--- Source data ---
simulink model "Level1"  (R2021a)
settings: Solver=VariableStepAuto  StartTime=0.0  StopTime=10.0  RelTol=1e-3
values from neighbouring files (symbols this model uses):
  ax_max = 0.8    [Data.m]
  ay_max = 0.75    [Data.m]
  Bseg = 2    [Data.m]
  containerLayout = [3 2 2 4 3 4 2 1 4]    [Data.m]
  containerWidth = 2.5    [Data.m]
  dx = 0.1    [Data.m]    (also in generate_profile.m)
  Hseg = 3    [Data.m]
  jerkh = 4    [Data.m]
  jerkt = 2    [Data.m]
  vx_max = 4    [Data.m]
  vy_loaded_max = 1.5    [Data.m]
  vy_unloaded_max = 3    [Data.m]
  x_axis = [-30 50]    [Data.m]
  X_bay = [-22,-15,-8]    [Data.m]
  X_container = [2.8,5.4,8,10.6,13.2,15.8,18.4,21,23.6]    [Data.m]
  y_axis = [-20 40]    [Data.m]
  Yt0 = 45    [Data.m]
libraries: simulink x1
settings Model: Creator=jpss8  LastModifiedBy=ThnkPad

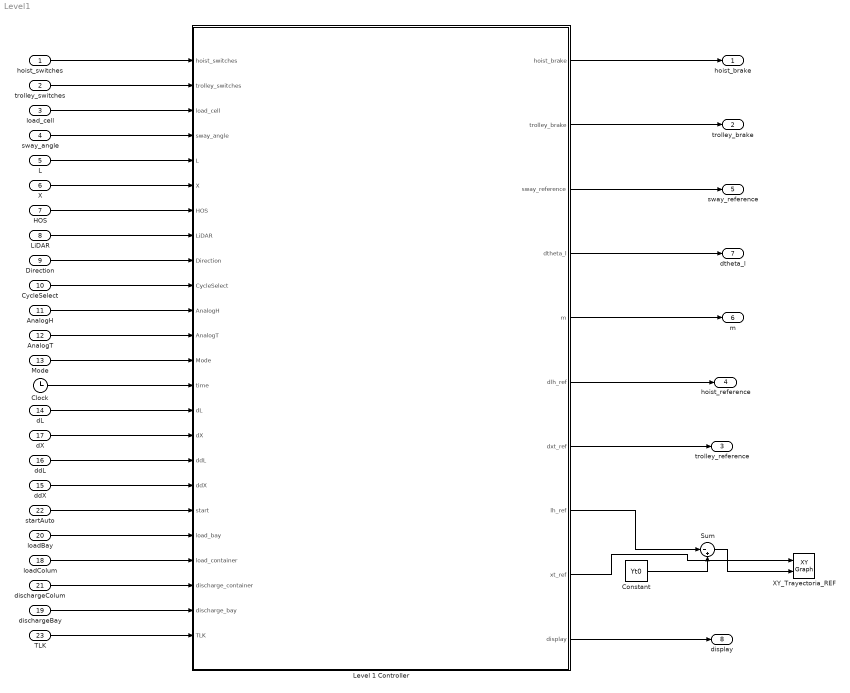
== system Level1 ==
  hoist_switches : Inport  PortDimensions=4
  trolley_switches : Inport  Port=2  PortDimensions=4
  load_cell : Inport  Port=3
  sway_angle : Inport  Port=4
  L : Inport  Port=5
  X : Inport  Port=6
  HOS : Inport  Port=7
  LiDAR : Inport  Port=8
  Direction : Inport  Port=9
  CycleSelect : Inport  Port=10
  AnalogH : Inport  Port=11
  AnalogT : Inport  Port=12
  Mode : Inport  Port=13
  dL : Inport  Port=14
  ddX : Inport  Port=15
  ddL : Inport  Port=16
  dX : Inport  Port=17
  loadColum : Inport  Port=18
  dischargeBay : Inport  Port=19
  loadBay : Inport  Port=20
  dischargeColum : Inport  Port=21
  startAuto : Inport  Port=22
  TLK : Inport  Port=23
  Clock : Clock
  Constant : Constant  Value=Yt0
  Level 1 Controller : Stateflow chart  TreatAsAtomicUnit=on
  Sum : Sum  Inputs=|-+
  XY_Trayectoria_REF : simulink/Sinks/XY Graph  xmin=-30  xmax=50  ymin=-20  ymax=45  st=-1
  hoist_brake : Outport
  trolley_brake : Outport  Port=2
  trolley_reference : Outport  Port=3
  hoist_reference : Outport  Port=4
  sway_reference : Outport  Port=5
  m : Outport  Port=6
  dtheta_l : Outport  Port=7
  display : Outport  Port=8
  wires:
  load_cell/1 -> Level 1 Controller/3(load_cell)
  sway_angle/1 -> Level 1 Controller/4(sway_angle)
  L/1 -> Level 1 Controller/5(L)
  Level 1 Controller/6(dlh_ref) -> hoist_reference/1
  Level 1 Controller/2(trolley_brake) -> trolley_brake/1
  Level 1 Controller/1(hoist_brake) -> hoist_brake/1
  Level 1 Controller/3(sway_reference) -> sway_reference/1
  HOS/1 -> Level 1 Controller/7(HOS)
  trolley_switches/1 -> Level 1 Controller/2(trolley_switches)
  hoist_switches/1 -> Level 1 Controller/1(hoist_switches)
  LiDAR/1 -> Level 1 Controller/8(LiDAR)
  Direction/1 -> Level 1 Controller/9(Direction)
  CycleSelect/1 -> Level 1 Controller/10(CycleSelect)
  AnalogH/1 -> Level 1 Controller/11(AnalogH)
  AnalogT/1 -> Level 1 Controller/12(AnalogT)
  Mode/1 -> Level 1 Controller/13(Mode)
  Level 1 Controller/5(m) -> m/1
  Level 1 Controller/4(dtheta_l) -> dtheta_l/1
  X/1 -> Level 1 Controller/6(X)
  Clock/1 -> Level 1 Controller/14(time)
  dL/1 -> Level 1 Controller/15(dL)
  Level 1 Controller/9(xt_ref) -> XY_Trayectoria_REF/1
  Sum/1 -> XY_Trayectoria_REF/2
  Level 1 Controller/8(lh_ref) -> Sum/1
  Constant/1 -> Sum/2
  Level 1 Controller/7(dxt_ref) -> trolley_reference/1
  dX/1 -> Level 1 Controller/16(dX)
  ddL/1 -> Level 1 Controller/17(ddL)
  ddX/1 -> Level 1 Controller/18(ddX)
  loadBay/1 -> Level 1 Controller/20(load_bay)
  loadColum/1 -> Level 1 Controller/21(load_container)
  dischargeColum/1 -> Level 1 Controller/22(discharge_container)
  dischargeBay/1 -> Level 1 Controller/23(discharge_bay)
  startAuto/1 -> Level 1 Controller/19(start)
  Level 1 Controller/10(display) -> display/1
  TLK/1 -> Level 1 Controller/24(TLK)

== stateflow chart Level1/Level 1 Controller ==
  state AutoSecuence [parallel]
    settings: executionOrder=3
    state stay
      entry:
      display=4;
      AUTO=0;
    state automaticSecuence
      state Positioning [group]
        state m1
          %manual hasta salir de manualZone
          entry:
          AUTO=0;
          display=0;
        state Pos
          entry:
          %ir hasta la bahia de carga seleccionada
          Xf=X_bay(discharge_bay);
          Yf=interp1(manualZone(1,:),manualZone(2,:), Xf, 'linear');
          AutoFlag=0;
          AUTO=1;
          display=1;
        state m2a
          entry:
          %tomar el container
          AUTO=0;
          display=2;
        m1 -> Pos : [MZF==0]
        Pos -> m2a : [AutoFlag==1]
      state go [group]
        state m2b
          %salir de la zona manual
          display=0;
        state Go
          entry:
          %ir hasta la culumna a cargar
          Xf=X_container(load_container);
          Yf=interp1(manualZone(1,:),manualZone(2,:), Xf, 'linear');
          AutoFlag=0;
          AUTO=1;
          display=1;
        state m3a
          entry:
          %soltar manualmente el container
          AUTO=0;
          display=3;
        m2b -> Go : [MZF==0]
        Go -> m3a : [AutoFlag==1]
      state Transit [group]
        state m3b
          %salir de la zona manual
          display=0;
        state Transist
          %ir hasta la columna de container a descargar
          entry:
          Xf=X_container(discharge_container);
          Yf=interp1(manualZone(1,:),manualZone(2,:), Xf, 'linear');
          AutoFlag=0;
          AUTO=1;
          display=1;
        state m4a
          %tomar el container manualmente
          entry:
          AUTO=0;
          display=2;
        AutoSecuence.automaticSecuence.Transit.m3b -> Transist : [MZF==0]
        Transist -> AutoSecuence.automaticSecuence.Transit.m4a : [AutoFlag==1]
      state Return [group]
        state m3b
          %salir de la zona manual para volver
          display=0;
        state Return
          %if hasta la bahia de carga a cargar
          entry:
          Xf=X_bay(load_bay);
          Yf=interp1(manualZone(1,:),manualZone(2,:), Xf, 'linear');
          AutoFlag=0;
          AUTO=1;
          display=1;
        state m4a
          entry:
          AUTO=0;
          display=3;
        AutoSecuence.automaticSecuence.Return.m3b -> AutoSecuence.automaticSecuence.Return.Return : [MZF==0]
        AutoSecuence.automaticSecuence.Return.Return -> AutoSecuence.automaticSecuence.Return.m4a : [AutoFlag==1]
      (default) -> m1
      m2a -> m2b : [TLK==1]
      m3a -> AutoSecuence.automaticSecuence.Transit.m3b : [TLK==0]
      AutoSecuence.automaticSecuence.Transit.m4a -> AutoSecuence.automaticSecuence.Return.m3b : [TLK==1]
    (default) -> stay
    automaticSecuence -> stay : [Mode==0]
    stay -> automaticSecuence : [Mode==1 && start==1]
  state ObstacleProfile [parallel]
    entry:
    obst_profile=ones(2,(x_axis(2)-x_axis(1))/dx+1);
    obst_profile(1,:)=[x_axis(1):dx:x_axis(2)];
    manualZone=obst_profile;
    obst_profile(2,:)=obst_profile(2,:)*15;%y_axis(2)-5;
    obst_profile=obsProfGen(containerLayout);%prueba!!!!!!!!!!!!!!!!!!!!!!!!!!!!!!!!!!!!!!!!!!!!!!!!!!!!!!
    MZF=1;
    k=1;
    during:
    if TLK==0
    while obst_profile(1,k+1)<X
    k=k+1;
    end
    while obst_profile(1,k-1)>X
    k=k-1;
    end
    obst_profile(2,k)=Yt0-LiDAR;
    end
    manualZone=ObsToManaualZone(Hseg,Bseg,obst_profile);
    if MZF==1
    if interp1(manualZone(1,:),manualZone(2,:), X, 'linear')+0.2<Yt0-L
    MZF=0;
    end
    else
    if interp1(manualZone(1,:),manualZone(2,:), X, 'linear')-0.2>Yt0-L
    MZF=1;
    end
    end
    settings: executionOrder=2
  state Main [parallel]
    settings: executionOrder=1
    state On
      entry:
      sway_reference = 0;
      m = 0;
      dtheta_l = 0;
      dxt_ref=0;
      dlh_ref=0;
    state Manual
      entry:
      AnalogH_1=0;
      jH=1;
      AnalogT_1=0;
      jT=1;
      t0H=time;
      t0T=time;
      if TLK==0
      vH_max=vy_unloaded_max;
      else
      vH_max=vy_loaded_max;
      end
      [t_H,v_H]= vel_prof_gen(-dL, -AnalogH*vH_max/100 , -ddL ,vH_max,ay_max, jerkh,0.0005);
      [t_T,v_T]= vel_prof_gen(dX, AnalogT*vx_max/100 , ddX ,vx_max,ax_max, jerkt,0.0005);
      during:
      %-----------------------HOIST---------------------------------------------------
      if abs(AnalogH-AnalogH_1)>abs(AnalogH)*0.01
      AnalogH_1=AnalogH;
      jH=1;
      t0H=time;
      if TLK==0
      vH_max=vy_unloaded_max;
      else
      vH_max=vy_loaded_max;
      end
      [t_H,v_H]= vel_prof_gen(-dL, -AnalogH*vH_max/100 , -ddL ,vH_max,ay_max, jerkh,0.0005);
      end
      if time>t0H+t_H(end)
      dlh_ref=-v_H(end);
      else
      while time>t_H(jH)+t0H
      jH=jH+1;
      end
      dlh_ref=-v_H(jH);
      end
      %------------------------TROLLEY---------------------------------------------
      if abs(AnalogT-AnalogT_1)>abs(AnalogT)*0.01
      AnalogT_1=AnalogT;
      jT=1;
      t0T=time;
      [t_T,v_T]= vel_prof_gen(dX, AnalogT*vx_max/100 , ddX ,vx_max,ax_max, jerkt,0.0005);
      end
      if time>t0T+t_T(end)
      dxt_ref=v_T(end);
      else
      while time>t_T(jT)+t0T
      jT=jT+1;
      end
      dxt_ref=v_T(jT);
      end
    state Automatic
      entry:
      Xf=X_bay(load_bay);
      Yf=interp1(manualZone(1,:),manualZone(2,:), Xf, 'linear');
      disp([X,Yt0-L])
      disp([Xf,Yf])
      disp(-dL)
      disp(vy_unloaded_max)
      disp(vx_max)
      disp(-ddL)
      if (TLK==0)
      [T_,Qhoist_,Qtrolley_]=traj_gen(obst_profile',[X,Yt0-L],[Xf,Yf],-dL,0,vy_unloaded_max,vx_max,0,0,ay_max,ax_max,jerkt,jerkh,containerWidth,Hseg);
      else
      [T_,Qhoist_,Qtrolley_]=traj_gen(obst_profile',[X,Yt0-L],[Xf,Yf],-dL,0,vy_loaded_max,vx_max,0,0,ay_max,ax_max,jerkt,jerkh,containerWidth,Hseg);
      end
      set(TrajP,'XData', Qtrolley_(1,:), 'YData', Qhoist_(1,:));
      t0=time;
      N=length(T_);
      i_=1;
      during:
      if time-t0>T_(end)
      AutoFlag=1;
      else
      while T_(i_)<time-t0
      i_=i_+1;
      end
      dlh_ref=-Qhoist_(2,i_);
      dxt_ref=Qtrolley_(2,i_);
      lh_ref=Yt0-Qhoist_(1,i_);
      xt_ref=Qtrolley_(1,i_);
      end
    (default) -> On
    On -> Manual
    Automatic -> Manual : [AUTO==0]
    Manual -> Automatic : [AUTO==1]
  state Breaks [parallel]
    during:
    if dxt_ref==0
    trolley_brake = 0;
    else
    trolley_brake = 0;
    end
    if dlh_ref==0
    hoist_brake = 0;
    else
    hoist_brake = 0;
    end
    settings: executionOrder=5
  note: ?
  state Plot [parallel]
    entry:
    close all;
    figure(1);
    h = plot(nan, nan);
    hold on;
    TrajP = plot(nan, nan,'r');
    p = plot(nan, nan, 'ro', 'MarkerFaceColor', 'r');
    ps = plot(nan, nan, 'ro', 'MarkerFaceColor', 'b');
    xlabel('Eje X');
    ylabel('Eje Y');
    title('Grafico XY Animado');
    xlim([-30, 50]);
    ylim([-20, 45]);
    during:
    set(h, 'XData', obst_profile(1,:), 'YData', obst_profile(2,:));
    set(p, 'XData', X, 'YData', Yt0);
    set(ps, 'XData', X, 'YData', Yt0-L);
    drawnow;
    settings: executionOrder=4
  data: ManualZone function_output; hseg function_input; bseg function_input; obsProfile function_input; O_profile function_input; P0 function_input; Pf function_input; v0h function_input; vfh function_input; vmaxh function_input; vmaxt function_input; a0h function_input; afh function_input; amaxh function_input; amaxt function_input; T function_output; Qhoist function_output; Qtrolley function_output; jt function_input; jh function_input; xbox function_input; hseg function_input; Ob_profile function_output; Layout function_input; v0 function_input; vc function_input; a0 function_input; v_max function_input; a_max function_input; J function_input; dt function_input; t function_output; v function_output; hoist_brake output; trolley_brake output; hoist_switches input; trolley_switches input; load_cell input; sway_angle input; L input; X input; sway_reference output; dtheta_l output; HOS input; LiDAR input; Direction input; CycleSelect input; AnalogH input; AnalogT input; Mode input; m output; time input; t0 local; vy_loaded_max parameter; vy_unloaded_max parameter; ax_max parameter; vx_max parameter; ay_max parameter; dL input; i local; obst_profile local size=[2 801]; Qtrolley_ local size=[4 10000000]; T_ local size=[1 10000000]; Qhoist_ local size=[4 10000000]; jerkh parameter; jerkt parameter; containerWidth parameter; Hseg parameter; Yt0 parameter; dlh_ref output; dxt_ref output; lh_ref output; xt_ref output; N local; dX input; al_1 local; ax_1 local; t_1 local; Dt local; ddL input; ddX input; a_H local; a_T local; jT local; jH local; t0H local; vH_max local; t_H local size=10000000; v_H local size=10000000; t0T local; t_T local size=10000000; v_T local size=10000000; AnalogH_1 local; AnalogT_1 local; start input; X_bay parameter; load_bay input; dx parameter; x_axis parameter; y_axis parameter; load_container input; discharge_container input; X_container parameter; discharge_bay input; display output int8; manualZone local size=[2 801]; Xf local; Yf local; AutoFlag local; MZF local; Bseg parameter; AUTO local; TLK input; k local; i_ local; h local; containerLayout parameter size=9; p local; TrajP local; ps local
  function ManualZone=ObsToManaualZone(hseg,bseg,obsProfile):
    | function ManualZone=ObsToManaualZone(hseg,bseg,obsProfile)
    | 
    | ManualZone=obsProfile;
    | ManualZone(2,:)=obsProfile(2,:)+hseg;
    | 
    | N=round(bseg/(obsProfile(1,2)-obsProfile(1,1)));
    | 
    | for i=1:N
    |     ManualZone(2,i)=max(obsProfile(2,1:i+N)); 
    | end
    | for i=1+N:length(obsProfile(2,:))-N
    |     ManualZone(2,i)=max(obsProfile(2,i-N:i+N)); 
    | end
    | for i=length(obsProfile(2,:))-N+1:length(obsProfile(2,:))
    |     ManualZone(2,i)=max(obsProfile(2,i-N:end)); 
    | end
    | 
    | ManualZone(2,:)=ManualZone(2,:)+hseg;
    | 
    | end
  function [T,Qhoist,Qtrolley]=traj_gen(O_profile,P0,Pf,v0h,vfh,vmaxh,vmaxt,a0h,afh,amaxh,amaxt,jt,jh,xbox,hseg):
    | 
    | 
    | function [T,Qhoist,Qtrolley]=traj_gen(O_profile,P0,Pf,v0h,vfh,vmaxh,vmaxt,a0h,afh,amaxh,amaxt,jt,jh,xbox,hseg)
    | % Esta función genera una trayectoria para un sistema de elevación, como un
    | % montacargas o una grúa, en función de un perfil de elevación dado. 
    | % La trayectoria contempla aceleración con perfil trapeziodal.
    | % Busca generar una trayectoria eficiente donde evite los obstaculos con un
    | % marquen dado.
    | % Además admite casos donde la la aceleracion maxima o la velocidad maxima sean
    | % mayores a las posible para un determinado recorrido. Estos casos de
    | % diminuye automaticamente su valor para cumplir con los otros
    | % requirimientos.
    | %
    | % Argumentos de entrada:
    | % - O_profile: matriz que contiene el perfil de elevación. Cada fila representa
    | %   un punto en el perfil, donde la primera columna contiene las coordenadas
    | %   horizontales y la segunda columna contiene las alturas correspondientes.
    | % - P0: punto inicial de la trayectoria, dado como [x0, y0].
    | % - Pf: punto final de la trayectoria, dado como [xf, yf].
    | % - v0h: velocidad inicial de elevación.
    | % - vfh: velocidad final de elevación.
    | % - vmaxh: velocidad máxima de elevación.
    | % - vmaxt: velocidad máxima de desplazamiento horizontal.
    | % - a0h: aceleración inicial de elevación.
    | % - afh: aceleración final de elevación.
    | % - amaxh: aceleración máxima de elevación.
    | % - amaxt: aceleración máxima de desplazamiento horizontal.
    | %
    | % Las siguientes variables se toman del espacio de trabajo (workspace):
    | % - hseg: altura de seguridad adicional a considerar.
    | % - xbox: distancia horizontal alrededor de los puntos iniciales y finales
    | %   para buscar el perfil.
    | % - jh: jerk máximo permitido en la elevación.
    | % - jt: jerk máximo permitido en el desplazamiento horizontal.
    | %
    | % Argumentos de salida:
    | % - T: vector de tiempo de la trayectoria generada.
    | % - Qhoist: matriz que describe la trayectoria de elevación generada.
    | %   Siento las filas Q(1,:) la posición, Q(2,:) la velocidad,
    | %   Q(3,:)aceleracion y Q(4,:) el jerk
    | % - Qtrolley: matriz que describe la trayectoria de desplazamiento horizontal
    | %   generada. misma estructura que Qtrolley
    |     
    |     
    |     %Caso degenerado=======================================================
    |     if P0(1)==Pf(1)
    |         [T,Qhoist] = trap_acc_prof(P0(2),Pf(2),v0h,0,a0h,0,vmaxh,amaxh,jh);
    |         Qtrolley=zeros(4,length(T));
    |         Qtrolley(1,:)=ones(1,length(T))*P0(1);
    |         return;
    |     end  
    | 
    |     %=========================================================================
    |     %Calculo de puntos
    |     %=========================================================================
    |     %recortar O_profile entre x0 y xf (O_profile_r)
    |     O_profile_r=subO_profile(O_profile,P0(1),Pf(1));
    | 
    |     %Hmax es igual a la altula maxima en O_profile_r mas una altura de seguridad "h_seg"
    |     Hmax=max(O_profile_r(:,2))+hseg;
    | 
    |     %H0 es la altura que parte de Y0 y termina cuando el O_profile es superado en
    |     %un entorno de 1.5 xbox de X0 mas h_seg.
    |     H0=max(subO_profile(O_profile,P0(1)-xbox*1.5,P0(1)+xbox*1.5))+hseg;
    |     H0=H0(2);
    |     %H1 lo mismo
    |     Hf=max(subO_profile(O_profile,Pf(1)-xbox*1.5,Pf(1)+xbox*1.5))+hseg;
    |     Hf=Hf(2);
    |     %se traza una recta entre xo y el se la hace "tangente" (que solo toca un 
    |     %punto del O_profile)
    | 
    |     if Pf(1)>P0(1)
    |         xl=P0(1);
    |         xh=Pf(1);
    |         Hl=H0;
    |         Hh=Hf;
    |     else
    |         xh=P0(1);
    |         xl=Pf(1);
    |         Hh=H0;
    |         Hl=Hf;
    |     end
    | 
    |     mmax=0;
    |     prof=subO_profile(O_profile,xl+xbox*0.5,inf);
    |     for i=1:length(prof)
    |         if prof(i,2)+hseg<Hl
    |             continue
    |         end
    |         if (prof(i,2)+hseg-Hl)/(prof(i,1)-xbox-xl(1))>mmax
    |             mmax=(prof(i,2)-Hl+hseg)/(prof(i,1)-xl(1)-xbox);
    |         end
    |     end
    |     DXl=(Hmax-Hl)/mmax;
---
What this task involves –
For the string "executionOrder", return every line of the data where it appears.

Solution to the problem –
    settings: executionOrder=3
    settings: executionOrder=2
    settings: executionOrder=1
    settings: executionOrder=5
    settings: executionOrder=4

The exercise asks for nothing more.